**TASK TO COMPLETE**
Could you please retype exactly the lines from the start of the records below through the line that contains "world_world.color = (0.05088, 0.05088, 0.05088)", both included, and leave out the pictures?

Data excerpts
··········
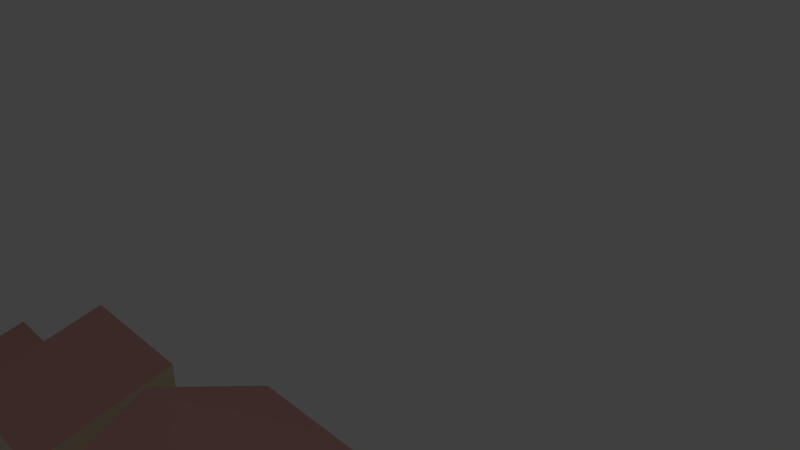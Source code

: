 # Source: Set.blend  (saved by Blender 2.79.0; exported with 4.5.12 LTS)
import bpy
from mathutils import Matrix  # noqa: F401  (used for matrix-valued properties, if any)

bpy.ops.wm.read_factory_settings(use_empty=True)
scene = bpy.context.scene
scene.name = 'Scene'

# ---- collections
col_collection_1 = bpy.data.collections.new('Collection 1'); scene.collection.children.link(col_collection_1)

# ---- materials (node trees are filled in below, after node groups)
mat_natural_stone = bpy.data.materials.new('Natural Stone')
mat_natural_stone.alpha_threshold = 0.0
mat_natural_stone.use_transparent_shadow = False
mat_natural_stone.diffuse_color = (0.3326, 0.352, 0.414, 1.0)
mat_natural_stone.roughness = 0.5
mat_stone = bpy.data.materials.new('Stone')
mat_stone.alpha_threshold = 0.0
mat_stone.use_transparent_shadow = False
mat_stone.diffuse_color = (0.8, 0.6751, 0.5101, 1.0)
mat_stone.roughness = 0.5
mat_tile = bpy.data.materials.new('Tile')
mat_tile.alpha_threshold = 0.0
mat_tile.use_transparent_shadow = False
mat_tile.diffuse_color = (0.8, 0.4235, 0.3623, 1.0)
mat_tile.roughness = 0.5
mat_darkness = bpy.data.materials.new('Darkness')
mat_darkness.alpha_threshold = 0.0
mat_darkness.use_transparent_shadow = False
mat_darkness.diffuse_color = (0.214, 0.214, 0.214, 1.0)
mat_darkness.roughness = 0.5
mat_darkness.specular_intensity = 0.0
mat_bark = bpy.data.materials.new('Bark')
mat_bark.alpha_threshold = 0.0
mat_bark.use_transparent_shadow = False
mat_bark.diffuse_color = (0.3931, 0.315, 0.2671, 1.0)
mat_bark.roughness = 0.5
mat_leaf = bpy.data.materials.new('Leaf')
mat_leaf.alpha_threshold = 0.0
mat_leaf.use_transparent_shadow = False
mat_leaf.diffuse_color = (0.2536, 0.4036, 0.09772, 1.0)
mat_leaf.roughness = 0.5

# ---- material node trees

# ---- world
world_world = bpy.data.worlds.new('World'); scene.world = world_world
world_world.color = (0.05088, 0.05088, 0.05088)
world_world.use_sun_shadow = False
world_world.sun_shadow_jitter_overblur = 0.0
world_world.cycles.sampling_method = 'MANUAL'

# ---- cameras
cam_camera = bpy.data.cameras.new('Camera')
cam_camera.clip_end = 100.0
cam_camera.lens = 35.0
cam_camera.sensor_width = 32.0
cam_camera.sensor_height = 18.0
cam_camera.ortho_scale = 7.314
cam_camera.dof.focus_distance = 0.0
cam_camera.dof.aperture_fstop = 128.0

# ---- lights
light_lamp = bpy.data.lights.new('Lamp', 'POINT')
light_lamp.transmission_factor = 0.0
light_lamp.cutoff_distance = 30.0
light_lamp.energy = 100.0
light_lamp.shadow_buffer_clip_start = 1.001
light_lamp.shadow_soft_size = 0.1
light_lamp.shadow_maximum_resolution = 0.006
light_lamp.use_absolute_resolution = True

# ---- meshes
me_cube_006 = bpy.data.meshes.new('Cube.006')
me_cube_006.from_pydata([(-1.0, -1.0, 0.0), (-1.0, -1.0, 12.0), (-1.0, 1.0, 0.0), (-1.0, 1.0, 12.0), (1.0, -1.0, 0.0), (1.0, -1.0, 12.0), (1.0, 1.0, 0.0), (1.0, 1.0, 12.0), (0.0, 0.0, 13.0)], [], [(0, 1, 3, 2), (6, 7, 5, 4), (4, 5, 1, 0), (8, 5, 7), (1, 5, 8), (3, 1, 8), (8, 7, 3), (2, 3, 7, 6)])
me_cube_006.materials.append(mat_natural_stone)
me_cube_006.use_remesh_preserve_volume = False
me_cube_006.use_remesh_preserve_attributes = False
me_cube_006.use_mirror_vertex_groups = False
me_cube_006.update()
me_cube_005 = bpy.data.meshes.new('Cube.005')
me_cube_005.from_pydata([(-1.0, -1.0, 0.0), (-1.0, -1.0, 2.0), (-1.0, 1.0, 0.0), (-1.0, 1.0, 2.0), (1.0, -1.0, 0.0), (1.0, -1.0, 2.0), (1.0, 1.0, 0.0), (1.0, 1.0, 2.0)], [], [(0, 1, 3, 2), (2, 3, 7, 6), (6, 7, 5, 4), (4, 5, 1, 0), (2, 6, 4, 0), (7, 3, 1, 5)])
me_cube_005.materials.append(mat_natural_stone)
me_cube_005.use_remesh_preserve_volume = False
me_cube_005.use_remesh_preserve_attributes = False
me_cube_005.use_mirror_vertex_groups = False
me_cube_005.update()
me_cube_004 = bpy.data.meshes.new('Cube.004')
me_cube_004.from_pydata([(-1.0, -1.0, 0.0), (-1.0, -1.0, 1.5), (-1.0, 1.0, 0.0), (-1.0, 1.0, 2.0), (1.0, -1.0, 0.0), (1.0, -1.0, 1.5), (1.0, 1.0, 0.0), (1.0, 1.0, 2.0)], [], [(0, 1, 3, 2), (2, 3, 7, 6), (6, 7, 5, 4), (4, 5, 1, 0), (2, 6, 4, 0), (7, 3, 1, 5)])
me_cube_004.polygons.foreach_set('material_index', [0, 0, 0, 0, 0, 1])
me_cube_004.materials.append(mat_stone)
me_cube_004.materials.append(mat_tile)
me_cube_004.use_remesh_preserve_volume = False
me_cube_004.use_remesh_preserve_attributes = False
me_cube_004.use_mirror_vertex_groups = False
me_cube_004.update()
me_cube_003 = bpy.data.meshes.new('Cube.003')
me_cube_003.from_pydata([(1.088, -4.735, 4.5), (1.088, -4.735, 7.5), (4.088, -4.735, 4.5), (4.088, -4.735, 7.5), (-6.0, -6.235, 0.0), (-6.0, -6.235, 9.0), (-6.0, 5.765, 0.0), (-6.0, 5.765, 9.0), (6.0, -6.235, 0.0), (6.0, -6.235, 9.0), (6.0, 5.765, 0.0), (6.0, 5.765, 9.0), (4.088, 1.265, 4.5), (4.088, 1.265, 7.5), (4.088, 4.265, 4.5), (4.088, 4.265, 7.5), (-4.912, 4.265, 4.5), (-4.912, 4.265, 7.5), (-1.912, 4.265, 4.5), (-1.912, 4.265, 7.5), (6.0, 4.265, 7.5), (4.088, -6.235, 4.5), (1.088, -6.235, 4.5), (4.088, -6.235, 7.5), (1.088, -6.235, 7.5), (6.0, 1.265, 4.5), (6.0, 1.265, 7.5), (6.0, 4.265, 4.5), (-4.912, 5.765, 4.5), (-4.912, 5.765, 7.5), (-1.912, 5.765, 7.5), (-1.912, 5.765, 4.5), (-6.0, -0.2353, 12.0), (6.0, -0.2353, 12.0)], [], [(0, 2, 3, 1), (2, 21, 23, 3), (0, 22, 21, 2), (3, 23, 24, 1), (4, 5, 32, 7, 6), (6, 7, 29, 28, 31, 10), (10, 11, 20, 27, 25, 9, 8), (8, 9, 23, 21, 22, 4), (6, 10, 8, 4), (11, 7, 32, 33), (12, 14, 15, 13), (14, 27, 20, 15), (14, 12, 25, 27), (16, 28, 29, 17), (18, 16, 17, 19), (10, 31, 30, 29, 7, 11), (31, 18, 19, 30), (9, 25, 26, 20, 11, 33), (26, 13, 15, 20), (4, 22, 24, 23, 9, 5), (25, 12, 13, 26), (28, 16, 18, 31), (22, 0, 1, 24), (30, 19, 17, 29), (33, 32, 5, 9)])
me_cube_003.polygons.foreach_set('material_index', [2, 0, 0, 0, 0, 0, 0, 0, 0, 1, 2, 0, 0, 0, 2, 0, 0, 0, 0, 0, 0, 0, 0, 0, 1])
me_cube_003.materials.append(mat_stone)
me_cube_003.materials.append(mat_tile)
me_cube_003.materials.append(mat_darkness)
me_cube_003.use_remesh_preserve_volume = False
me_cube_003.use_remesh_preserve_attributes = False
me_cube_003.use_mirror_vertex_groups = False
me_cube_003.update()
me_cube_002 = bpy.data.meshes.new('Cube.002')
me_cube_002.from_pydata([(1.0, -3.0, 3.0), (1.0, -3.0, 5.0), (3.0, -3.0, 3.0), (3.0, -3.0, 5.0), (-4.0, -4.0, 0.0), (-4.0, -4.0, 6.0), (-4.0, 4.0, 0.0), (-4.0, 4.0, 8.0), (4.0, -4.0, 0.0), (4.0, -4.0, 6.0), (4.0, 4.0, 0.0), (4.0, 4.0, 8.0), (3.0, 1.0, 3.0), (3.0, 1.0, 5.0), (3.0, 3.0, 3.0), (3.0, 3.0, 5.0), (-3.0, 3.0, 3.0), (-3.0, 3.0, 5.0), (-1.0, 3.0, 3.0), (-1.0, 3.0, 5.0), (4.0, 3.0, 5.0), (3.0, -4.0, 3.0), (1.0, -4.0, 3.0), (3.0, -4.0, 5.0), (1.0, -4.0, 5.0), (4.0, 1.0, 3.0), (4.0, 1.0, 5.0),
··········
**REPLY TO THE EXERCISE**
Source code

: # Source: Set.blend  (saved by Blender 2.79.0; exported with 4.5.12 LTS)
import bpy
from mathutils import Matrix  # noqa: F401  (used for matrix-valued properties, if any)

bpy.ops.wm.read_factory_settings(use_empty=True)
scene = bpy.context.scene
scene.name = 'Scene'

# ---- collections
col_collection_1 = bpy.data.collections.new('Collection 1'); scene.collection.children.link(col_collection_1)

# ---- materials (node trees are filled in below, after node groups)
mat_natural_stone = bpy.data.materials.new('Natural Stone')
mat_natural_stone.alpha_threshold = 0.0
mat_natural_stone.use_transparent_shadow = False
mat_natural_stone.diffuse_color = (0.3326, 0.352, 0.414, 1.0)
mat_natural_stone.roughness = 0.5
mat_stone = bpy.data.materials.new('Stone')
mat_stone.alpha_threshold = 0.0
mat_stone.use_transparent_shadow = False
mat_stone.diffuse_color = (0.8, 0.6751, 0.5101, 1.0)
mat_stone.roughness = 0.5
mat_tile = bpy.data.materials.new('Tile')
mat_tile.alpha_threshold = 0.0
mat_tile.use_transparent_shadow = False
mat_tile.diffuse_color = (0.8, 0.4235, 0.3623, 1.0)
mat_tile.roughness = 0.5
mat_darkness = bpy.data.materials.new('Darkness')
mat_darkness.alpha_threshold = 0.0
mat_darkness.use_transparent_shadow = False
mat_darkness.diffuse_color = (0.214, 0.214, 0.214, 1.0)
mat_darkness.roughness = 0.5
mat_darkness.specular_intensity = 0.0
mat_bark = bpy.data.materials.new('Bark')
mat_bark.alpha_threshold = 0.0
mat_bark.use_transparent_shadow = False
mat_bark.diffuse_color = (0.3931, 0.315, 0.2671, 1.0)
mat_bark.roughness = 0.5
mat_leaf = bpy.data.materials.new('Leaf')
mat_leaf.alpha_threshold = 0.0
mat_leaf.use_transparent_shadow = False
mat_leaf.diffuse_color = (0.2536, 0.4036, 0.09772, 1.0)
mat_leaf.roughness = 0.5

# ---- material node trees

# ---- world
world_world = bpy.data.worlds.new('World'); scene.world = world_world
world_world.color = (0.05088, 0.05088, 0.05088)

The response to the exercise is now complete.